The greatest of an idea is often the result of its simplicity, and in this regard, the Peace Corps is not unique. While it is true that cost of living is increasing globally, and the American economy is significantly slowing down, the Peace Corps remains a remarkably inexpensive organization to manage. All told, Peace Corps uses less than one percent of the overall foreign policy budget for the State Department. Considering that all volunteers live with host families for a significant portion of service, and that many volunteers stay with families throughout, it’s very inexpensive to keep a volunteer in the field. All told, I make around 350 dollars month, and as a volunteer in Kazakhstan I’m one of the best paid volunteers in the world. While it is important to increase volunteer accountability and have more specific project plans and goals as the Peace Corps grows into the 21st century, the Peace Corps’ three underlying goals – supplying manpower, increasing exposure of America and American values, and making Americans more aware of the rest of the world – are eternal.
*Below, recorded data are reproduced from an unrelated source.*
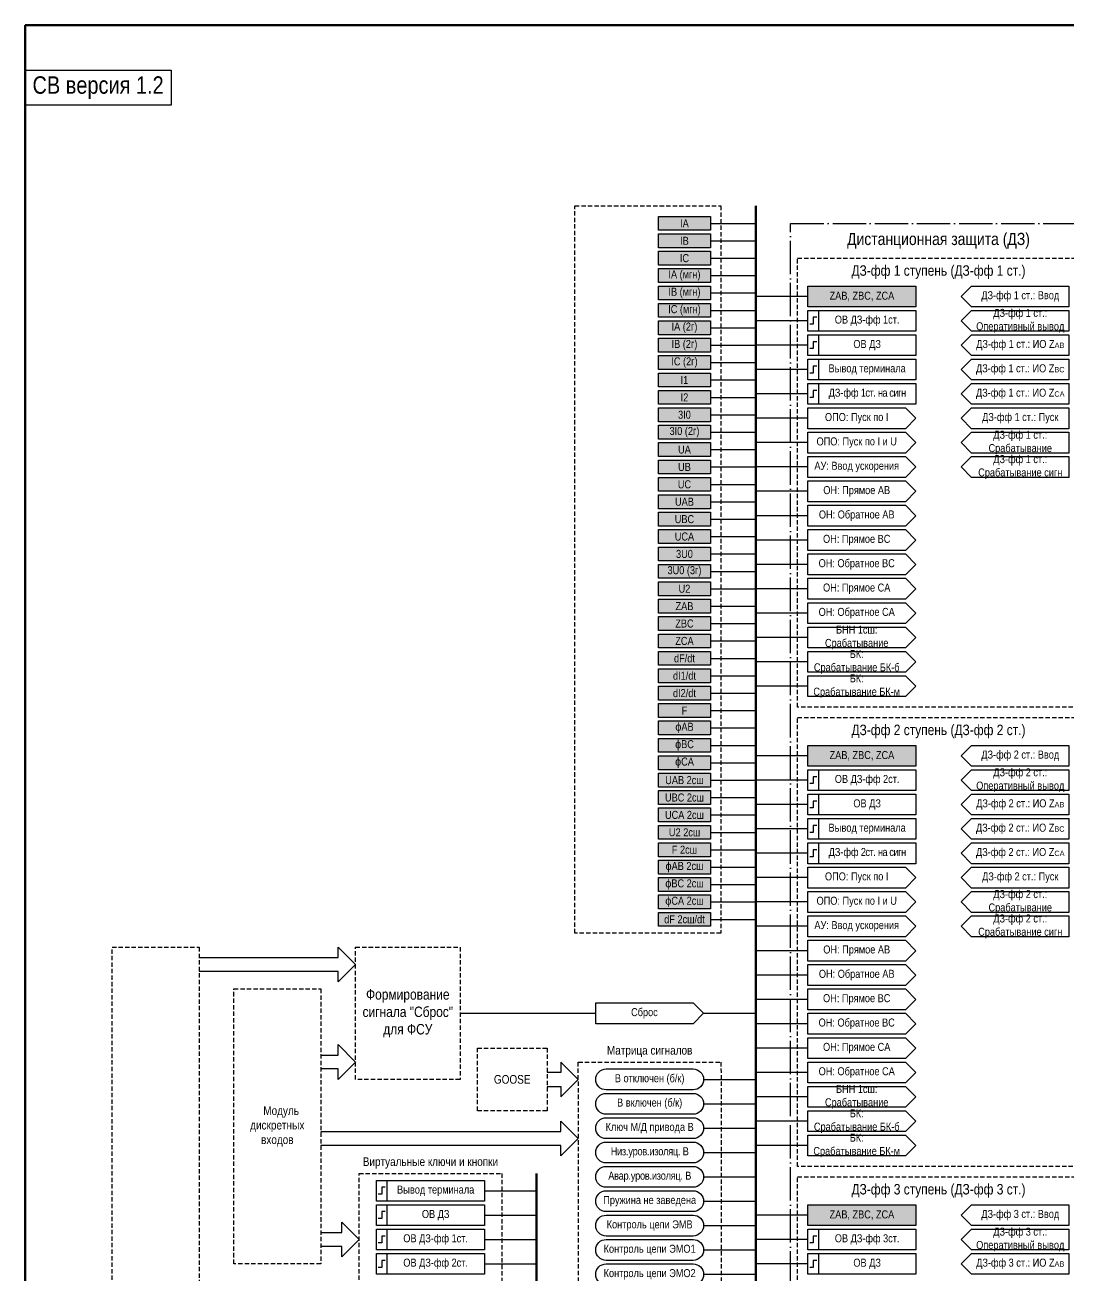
# Model space of a CAD drawing. Header units: millimetres. Extents: x 0 to 1150, y 0 to 1104.
# Drawn here: x 0 to 300, y 701.5 to 1061 of the extents above; entities that cross this region are included whole.
import ezdxf

# ---------------------------------------------------------------- set-up
doc = ezdxf.new("R2010")
doc.units = ezdxf.units.MM
doc.linetypes.add('ACAD_ISO04W100', pattern=[30, 24, -3, 0, -3])
doc.linetypes.add('штриховая2', pattern=[0.375, 0.25, -0.125])
doc.layers.add('TEXT', color=7, linetype='Continuous', lineweight=25)
doc.styles.add('2.5_Gost_RD', font='ARIALN.TTF', dxfattribs={"height": 2.5})
doc.styles.add('3.5_Gost_RD', font='ARIALN.TTF', dxfattribs={"height": 3.5})

msp = doc.modelspace()

# ---------------------------------------------------------------- hatches: boundary and pattern name
at = {"ltscale": 100, "true_color": 0xf7941d}
h = msp.add_hatch(color=30, dxfattribs=at)
h.dxf.hatch_style = 1
h.paths.add_polyline_path([(182, 1006), (197, 1006), (197, 1002), (182, 1002)])
h = msp.add_hatch(color=30, dxfattribs=at)
h.dxf.hatch_style = 1
h.paths.add_polyline_path([(182, 1001), (197, 1001), (197, 997), (182, 997)])
h = msp.add_hatch(color=30, dxfattribs=at)
h.dxf.hatch_style = 1
h.paths.add_polyline_path([(182, 996), (197, 996), (197, 992), (182, 992)])
h = msp.add_hatch(color=30, dxfattribs=at)
h.dxf.hatch_style = 1
h.paths.add_polyline_path([(182, 991), (197, 991), (197, 987), (182, 987)])
h = msp.add_hatch(color=30, dxfattribs=at)
h.dxf.hatch_style = 1
h.paths.add_polyline_path([(182, 986), (197, 986), (197, 982), (182, 982)])
h = msp.add_hatch(color=30, dxfattribs=at)
h.dxf.hatch_style = 1
h.paths.add_polyline_path([(225, 986), (256, 986), (256, 980), (225, 980)])
h = msp.add_hatch(color=30, dxfattribs=at)
h.dxf.hatch_style = 1
h.paths.add_polyline_path([(182, 981), (197, 981), (197, 977), (182, 977)])
h = msp.add_hatch(color=30, dxfattribs=at)
h.dxf.hatch_style = 1
h.paths.add_polyline_path([(182, 976), (197, 976), (197, 972), (182, 972)])
h = msp.add_hatch(color=30, dxfattribs=at)
h.dxf.hatch_style = 1
h.paths.add_polyline_path([(182, 971), (197, 971), (197, 967), (182, 967)])
h = msp.add_hatch(color=30, dxfattribs=at)
h.dxf.hatch_style = 1
h.paths.add_polyline_path([(182, 966), (197, 966), (197, 962), (182, 962)])
h = msp.add_hatch(color=30, dxfattribs=at)
h.dxf.hatch_style = 1
h.paths.add_polyline_path([(182, 961), (197, 961), (197, 957), (182, 957)])
h = msp.add_hatch(color=30, dxfattribs=at)
h.dxf.hatch_style = 1
h.paths.add_polyline_path([(182, 956), (197, 956), (197, 952), (182, 952)])
h = msp.add_hatch(color=30, dxfattribs=at)
h.dxf.hatch_style = 1
h.paths.add_polyline_path([(182, 951), (197, 951), (197, 947), (182, 947)])
h = msp.add_hatch(color=30, dxfattribs=at)
h.dxf.hatch_style = 1
h.paths.add_polyline_path([(182, 946), (197, 946), (197, 942), (182, 942)])
h = msp.add_hatch(color=30, dxfattribs=at)
h.dxf.hatch_style = 1
h.paths.add_polyline_path([(182, 941), (197, 941), (197, 937), (182, 937)])
h = msp.add_hatch(color=30, dxfattribs=at)
h.dxf.hatch_style = 1
h.paths.add_polyline_path([(182, 936), (197, 936), (197, 932), (182, 932)])
h = msp.add_hatch(color=30, dxfattribs=at)
h.dxf.hatch_style = 1
h.paths.add_polyline_path([(182, 931), (197, 931), (197, 927), (182, 927)])
h = msp.add_hatch(color=30, dxfattribs=at)
h.dxf.hatch_style = 1
h.paths.add_polyline_path([(182, 926), (197, 926), (197, 922), (182, 922)])
h = msp.add_hatch(color=30, dxfattribs=at)
h.dxf.hatch_style = 1
h.paths.add_polyline_path([(182, 921), (197, 921), (197, 917), (182, 917)])
h = msp.add_hatch(color=30, dxfattribs=at)
h.dxf.hatch_style = 1
h.paths.add_polyline_path([(182, 916), (197, 916), (197, 912), (182, 912)])
h = msp.add_hatch(color=30, dxfattribs=at)
h.dxf.hatch_style = 1
h.paths.add_polyline_path([(182, 911), (197, 911), (197, 907), (182, 907)])
h = msp.add_hatch(color=30, dxfattribs=at)
h.dxf.hatch_style = 1
h.paths.add_polyline_path([(182, 906), (197, 906), (197, 902), (182, 902)])
h = msp.add_hatch(color=30, dxfattribs=at)
h.dxf.hatch_style = 1
h.paths.add_polyline_path([(182, 901), (197, 901), (197, 897), (182, 897)])
h = msp.add_hatch(color=30, dxfattribs=at)
h.dxf.hatch_style = 1
h.paths.add_polyline_path([(182, 896), (197, 896), (197, 892), (182, 892)])
h = msp.add_hatch(color=30, dxfattribs=at)
h.dxf.hatch_style = 1
h.paths.add_polyline_path([(182, 891), (197, 891), (197, 887), (182, 887)])
h = msp.add_hatch(color=30, dxfattribs=at)
h.dxf.hatch_style = 1
h.paths.add_polyline_path([(182, 886), (197, 886), (197, 882), (182, 882)])
h = msp.add_hatch(color=30, dxfattribs=at)
h.dxf.hatch_style = 1
h.paths.add_polyline_path([(182, 881), (197, 881), (197, 877), (182, 877)])
h = msp.add_hatch(color=30, dxfattribs=at)
h.dxf.hatch_style = 1
h.paths.add_polyline_path([(182, 876), (197, 876), (197, 872), (182, 872)])
h = msp.add_hatch(color=30, dxfattribs=at)
h.dxf.hatch_style = 1
h.paths.add_polyline_path([(182, 871), (197, 871), (197, 867), (182, 867)])
h = msp.add_hatch(color=30, dxfattribs=at)
h.dxf.hatch_style = 1
h.paths.add_polyline_path([(182, 866), (197, 866), (197, 862), (182, 862)])
h = msp.add_hatch(color=30, dxfattribs=at)
h.dxf.hatch_style = 1
h.paths.add_polyline_path([(182, 861), (197, 861), (197, 857), (182, 857)])
h = msp.add_hatch(color=30, dxfattribs=at)
h.dxf.hatch_style = 1
h.paths.add_polyline_path([(182, 856), (197, 856), (197, 852), (182, 852)])
h = msp.add_hatch(color=30, dxfattribs=at)
h.dxf.hatch_style = 1
h.paths.add_polyline_path([(225, 854), (256, 854), (256, 848), (225, 848)])
h = msp.add_hatch(color=30, dxfattribs=at)
h.dxf.hatch_style = 1
h.paths.add_polyline_path([(182, 851), (197, 851), (197, 847), (182, 847)])
h = msp.add_hatch(color=30, dxfattribs=at)
h.dxf.hatch_style = 1
h.paths.add_polyline_path([(182, 846), (197, 846), (197, 842), (182, 842)])
h = msp.add_hatch(color=30, dxfattribs=at)
h.dxf.hatch_style = 1
h.paths.add_polyline_path([(182, 841), (197, 841), (197, 837), (182, 837)])
h = msp.add_hatch(color=30, dxfattribs=at)
h.dxf.hatch_style = 1
h.paths.add_polyline_path([(182, 836), (197, 836), (197, 832), (182, 832)])
h = msp.add_hatch(color=30, dxfattribs=at)
h.dxf.hatch_style = 1
h.paths.add_polyline_path([(182, 831), (197, 831), (197, 827), (182, 827)])
h = msp.add_hatch(color=30, dxfattribs=at)
h.dxf.hatch_style = 1
h.paths.add_polyline_path([(182, 826), (197, 826), (197, 822), (182, 822)])
h = msp.add_hatch(color=30, dxfattribs=at)
h.dxf.hatch_style = 1
h.paths.add_polyline_path([(182, 821), (197, 821), (197, 817), (182, 817)])
h = msp.add_hatch(color=30, dxfattribs=at)
h.dxf.hatch_style = 1
h.paths.add_polyline_path([(182, 816), (197, 816), (197, 812), (182, 812)])
h = msp.add_hatch(color=30, dxfattribs=at)
h.dxf.hatch_style = 1
h.paths.add_polyline_path([(182, 811), (197, 811), (197, 807), (182, 807)])
h = msp.add_hatch(color=30, dxfattribs=at)
h.dxf.hatch_style = 1
h.paths.add_polyline_path([(182, 806), (197, 806), (197, 802), (182, 802)])
h = msp.add_hatch(color=30, dxfattribs=at)
h.dxf.hatch_style = 1
h.paths.add_polyline_path([(225, 722), (256, 722), (256, 716), (225, 716)])

# ---------------------------------------------------------------- linework, layer by layer
at = {"lineweight": 100, "ltscale": 100}
for p, q in [((210, 1009), (210, 39)), ((147, 731), (147, 152))]:
    msp.add_line(p, q, dxfattribs=at)
at = {"ltscale": 100}
for p, q in [((197, 1004), (210, 1004)), ((197, 999), (210, 999)), ((197, 994), (210, 994)), ((197, 989), (210, 989)), ((197, 984), (210, 984)), ((225, 983), (210, 983)), ((197, 979), (210, 979)), ((225, 976), (210, 976)), ((197, 974), (210, 974)), ((197, 969), (210, 969)), ((225, 969), (210, 969)), ((197, 964), (210, 964)), ((225, 962), (210, 962)), ((197, 959), (210, 959)), ((197, 954), (210, 954)), ((225, 955), (210, 955)), ((197, 949), (210, 949)), ((225, 948), (210, 948)), ((197, 944), (210, 944)), ((197, 939), (210, 939)), ((225, 941), (210, 941)), ((197, 934), (210, 934)), ((225, 934), (210, 934)), ((197, 929), (210, 929)), ((197, 924), (210, 924)), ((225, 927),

But perhaps most importantly, Strauss completely ignores the effect that Peace Corps service has on a young person; how service can transform them and create a more responsible, publicly active individual. Returned volunteers constantly talk about the forging of values, growth of character, public awareness, and development of survival skills that only the Peace Corps offers. If we are to continue using the Peace Corps as not only a tool for international development, but also for the further strengthening of America after service, it makes only sense to continue to send as many young people abroad as possible.